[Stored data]
= = = =
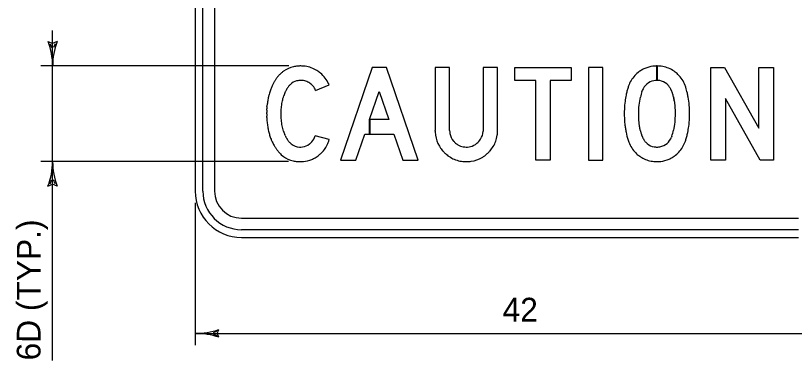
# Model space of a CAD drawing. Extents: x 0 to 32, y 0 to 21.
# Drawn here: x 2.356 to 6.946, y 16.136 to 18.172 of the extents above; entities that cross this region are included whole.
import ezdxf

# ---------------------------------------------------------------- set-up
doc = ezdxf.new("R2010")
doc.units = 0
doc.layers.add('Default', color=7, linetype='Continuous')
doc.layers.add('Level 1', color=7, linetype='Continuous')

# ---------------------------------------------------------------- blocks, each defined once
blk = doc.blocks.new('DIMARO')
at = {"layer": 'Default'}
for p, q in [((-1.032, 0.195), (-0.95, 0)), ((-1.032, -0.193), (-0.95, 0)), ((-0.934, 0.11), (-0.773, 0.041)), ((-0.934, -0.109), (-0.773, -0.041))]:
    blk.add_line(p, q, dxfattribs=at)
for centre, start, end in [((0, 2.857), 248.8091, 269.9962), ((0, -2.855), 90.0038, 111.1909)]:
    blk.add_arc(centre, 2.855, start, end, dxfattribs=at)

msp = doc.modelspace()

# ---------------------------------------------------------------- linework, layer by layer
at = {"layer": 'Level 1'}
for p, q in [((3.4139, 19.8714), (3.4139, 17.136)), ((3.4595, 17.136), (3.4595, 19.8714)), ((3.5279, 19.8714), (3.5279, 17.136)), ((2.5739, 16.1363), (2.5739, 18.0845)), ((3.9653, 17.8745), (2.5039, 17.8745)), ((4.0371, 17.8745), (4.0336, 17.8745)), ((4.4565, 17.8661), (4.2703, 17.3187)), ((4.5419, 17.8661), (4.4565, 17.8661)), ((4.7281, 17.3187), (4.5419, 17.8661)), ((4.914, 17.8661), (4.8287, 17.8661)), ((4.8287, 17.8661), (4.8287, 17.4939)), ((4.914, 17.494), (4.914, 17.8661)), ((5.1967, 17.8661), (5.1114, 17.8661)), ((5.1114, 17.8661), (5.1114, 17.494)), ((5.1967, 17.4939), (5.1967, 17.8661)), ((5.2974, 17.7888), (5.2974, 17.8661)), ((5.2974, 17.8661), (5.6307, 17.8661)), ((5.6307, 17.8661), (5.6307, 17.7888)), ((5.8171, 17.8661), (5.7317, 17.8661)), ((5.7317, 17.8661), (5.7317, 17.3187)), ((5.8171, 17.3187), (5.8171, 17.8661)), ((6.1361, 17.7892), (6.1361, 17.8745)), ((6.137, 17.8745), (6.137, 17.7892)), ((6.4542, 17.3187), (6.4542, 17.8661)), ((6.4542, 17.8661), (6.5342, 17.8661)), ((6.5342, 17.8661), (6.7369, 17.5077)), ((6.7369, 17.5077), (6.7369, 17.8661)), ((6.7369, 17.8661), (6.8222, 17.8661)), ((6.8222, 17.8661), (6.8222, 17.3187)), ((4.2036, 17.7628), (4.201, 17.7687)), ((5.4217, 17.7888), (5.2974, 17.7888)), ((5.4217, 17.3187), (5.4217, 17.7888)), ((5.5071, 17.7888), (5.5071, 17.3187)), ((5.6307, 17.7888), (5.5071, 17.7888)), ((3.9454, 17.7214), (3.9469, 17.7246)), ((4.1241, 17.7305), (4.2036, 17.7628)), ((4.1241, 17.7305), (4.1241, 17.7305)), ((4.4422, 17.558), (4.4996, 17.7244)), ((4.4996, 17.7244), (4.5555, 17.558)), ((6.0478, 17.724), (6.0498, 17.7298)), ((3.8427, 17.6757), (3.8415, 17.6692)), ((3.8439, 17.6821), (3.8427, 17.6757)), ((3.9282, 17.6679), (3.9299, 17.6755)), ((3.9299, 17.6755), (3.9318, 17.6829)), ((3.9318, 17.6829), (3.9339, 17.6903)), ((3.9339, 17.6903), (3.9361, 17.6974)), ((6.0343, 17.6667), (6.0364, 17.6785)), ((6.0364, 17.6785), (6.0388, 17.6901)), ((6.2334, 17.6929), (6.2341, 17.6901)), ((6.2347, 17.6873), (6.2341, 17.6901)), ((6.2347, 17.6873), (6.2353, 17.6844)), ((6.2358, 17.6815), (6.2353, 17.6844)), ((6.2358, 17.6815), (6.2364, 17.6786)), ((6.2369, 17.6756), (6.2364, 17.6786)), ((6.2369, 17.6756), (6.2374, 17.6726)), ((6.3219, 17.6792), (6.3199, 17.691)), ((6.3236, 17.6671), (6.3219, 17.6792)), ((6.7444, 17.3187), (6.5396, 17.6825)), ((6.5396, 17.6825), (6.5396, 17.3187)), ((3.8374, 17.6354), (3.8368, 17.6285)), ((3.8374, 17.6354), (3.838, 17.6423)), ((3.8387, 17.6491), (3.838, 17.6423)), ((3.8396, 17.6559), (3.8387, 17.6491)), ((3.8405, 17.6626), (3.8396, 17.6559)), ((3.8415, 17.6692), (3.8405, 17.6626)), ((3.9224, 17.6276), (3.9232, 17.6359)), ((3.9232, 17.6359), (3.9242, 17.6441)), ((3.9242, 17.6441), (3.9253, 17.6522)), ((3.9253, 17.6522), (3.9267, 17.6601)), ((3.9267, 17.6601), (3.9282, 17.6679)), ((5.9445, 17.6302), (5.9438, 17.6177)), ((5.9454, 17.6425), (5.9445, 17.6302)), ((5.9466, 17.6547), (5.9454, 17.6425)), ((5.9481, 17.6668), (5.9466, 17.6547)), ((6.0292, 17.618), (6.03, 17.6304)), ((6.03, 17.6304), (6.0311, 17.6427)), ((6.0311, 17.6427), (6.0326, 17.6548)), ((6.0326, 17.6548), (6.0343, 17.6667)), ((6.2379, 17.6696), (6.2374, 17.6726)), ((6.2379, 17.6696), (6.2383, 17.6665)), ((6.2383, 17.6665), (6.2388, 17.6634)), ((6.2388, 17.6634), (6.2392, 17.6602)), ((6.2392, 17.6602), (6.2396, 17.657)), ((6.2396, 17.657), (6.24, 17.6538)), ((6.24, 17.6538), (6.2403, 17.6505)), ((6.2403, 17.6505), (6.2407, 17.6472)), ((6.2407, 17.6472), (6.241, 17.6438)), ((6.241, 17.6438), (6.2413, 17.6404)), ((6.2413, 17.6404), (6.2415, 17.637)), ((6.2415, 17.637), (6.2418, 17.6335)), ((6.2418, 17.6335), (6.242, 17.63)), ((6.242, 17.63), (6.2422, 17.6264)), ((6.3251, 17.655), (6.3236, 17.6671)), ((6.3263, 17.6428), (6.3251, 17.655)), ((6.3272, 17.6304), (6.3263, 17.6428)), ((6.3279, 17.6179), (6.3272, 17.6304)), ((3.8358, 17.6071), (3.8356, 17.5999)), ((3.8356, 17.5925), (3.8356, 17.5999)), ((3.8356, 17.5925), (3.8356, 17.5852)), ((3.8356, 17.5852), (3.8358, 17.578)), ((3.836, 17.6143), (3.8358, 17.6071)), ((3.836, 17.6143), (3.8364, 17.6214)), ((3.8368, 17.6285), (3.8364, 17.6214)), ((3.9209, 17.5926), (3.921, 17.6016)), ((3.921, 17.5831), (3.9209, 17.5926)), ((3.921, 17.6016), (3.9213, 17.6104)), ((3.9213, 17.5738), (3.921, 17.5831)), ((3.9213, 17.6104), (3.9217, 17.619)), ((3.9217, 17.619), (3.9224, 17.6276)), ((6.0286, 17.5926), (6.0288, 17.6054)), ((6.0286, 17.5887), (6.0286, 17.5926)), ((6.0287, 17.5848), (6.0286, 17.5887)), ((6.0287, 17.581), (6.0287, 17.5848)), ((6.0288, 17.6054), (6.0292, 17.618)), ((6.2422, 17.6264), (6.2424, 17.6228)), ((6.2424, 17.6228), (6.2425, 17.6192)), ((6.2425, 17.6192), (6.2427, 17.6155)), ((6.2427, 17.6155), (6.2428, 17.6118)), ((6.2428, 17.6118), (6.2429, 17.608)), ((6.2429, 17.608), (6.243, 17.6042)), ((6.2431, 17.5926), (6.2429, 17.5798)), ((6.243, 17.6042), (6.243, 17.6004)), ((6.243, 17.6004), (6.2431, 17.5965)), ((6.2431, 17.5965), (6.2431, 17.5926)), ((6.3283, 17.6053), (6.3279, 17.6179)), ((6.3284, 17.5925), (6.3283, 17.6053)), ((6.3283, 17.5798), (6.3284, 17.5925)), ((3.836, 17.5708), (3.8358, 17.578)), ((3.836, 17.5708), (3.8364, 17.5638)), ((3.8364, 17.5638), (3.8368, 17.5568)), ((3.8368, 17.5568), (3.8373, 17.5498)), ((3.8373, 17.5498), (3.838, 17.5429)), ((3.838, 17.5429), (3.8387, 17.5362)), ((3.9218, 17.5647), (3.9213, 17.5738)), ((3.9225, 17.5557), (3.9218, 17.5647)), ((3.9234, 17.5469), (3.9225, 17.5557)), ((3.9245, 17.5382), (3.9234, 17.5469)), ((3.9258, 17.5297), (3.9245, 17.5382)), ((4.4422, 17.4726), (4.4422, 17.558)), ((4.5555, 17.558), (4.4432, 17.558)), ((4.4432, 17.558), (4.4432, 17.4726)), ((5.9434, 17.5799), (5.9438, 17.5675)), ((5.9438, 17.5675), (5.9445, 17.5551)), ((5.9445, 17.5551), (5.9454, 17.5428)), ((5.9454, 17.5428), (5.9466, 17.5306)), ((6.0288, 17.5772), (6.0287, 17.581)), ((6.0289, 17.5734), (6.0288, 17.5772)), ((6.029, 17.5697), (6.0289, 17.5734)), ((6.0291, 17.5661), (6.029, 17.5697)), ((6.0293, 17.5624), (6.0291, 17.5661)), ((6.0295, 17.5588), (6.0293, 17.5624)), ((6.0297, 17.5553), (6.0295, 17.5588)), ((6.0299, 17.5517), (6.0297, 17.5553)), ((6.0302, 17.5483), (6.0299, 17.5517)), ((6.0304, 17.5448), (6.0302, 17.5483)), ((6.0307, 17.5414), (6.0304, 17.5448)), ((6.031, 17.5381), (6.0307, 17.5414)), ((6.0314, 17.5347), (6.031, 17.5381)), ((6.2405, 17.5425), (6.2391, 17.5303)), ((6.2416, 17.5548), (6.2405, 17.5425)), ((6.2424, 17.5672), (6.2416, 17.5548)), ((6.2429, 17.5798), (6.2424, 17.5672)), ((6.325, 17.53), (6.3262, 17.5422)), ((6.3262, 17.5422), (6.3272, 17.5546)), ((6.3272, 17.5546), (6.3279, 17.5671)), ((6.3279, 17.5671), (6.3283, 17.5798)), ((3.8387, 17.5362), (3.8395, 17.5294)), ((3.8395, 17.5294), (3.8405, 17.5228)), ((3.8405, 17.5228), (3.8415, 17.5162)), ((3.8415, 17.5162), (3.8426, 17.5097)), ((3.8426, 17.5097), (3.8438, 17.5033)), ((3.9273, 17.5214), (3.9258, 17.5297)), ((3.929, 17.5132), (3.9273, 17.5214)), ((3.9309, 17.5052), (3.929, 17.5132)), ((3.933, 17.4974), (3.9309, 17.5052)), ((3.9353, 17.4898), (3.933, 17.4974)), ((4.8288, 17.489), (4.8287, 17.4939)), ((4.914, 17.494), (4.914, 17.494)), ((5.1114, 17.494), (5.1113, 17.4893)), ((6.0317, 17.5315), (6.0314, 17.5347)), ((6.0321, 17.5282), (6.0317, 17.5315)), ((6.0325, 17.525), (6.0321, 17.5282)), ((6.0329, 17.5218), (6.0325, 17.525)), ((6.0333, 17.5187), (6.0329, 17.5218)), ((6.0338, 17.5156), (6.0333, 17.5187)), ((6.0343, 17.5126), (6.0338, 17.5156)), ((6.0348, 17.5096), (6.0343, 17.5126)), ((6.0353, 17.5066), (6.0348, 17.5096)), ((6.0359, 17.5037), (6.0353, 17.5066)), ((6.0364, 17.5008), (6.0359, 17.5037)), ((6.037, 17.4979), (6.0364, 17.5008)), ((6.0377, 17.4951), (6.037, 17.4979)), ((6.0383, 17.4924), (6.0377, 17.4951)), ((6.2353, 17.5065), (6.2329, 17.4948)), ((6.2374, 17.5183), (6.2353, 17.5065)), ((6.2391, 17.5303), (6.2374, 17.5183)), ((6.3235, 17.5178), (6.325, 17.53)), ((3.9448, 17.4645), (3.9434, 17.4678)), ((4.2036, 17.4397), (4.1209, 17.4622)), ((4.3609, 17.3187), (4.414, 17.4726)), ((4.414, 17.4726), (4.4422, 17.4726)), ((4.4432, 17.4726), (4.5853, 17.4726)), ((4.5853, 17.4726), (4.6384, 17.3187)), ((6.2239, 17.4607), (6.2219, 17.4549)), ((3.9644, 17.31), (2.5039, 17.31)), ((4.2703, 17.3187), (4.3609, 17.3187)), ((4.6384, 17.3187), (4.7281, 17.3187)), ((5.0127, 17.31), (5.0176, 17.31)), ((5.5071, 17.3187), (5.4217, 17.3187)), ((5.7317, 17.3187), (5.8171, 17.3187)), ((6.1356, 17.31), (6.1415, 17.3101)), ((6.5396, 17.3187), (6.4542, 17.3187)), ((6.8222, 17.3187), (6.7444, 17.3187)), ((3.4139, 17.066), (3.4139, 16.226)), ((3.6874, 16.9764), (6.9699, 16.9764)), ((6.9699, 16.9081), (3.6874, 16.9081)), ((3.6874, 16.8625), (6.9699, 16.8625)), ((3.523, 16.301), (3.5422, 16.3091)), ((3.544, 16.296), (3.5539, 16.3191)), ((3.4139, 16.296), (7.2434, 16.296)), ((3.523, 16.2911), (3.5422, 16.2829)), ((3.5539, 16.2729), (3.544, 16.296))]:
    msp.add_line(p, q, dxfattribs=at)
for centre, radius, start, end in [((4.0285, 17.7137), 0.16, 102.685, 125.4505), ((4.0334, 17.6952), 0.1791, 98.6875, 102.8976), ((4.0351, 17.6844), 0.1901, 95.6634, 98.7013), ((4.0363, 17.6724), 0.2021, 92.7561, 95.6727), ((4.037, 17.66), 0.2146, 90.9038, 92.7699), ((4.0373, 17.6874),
= = = =
◆ Your instructions
Begin at the top of the records above and retype each line exactly until the line containing "import ezdxf", which is included. Skip all pictures.

◆ Task response
# Model space of a CAD drawing. Extents: x 0 to 32, y 0 to 21.
# Drawn here: x 2.356 to 6.946, y 16.136 to 18.172 of the extents above; entities that cross this region are included whole.
import ezdxf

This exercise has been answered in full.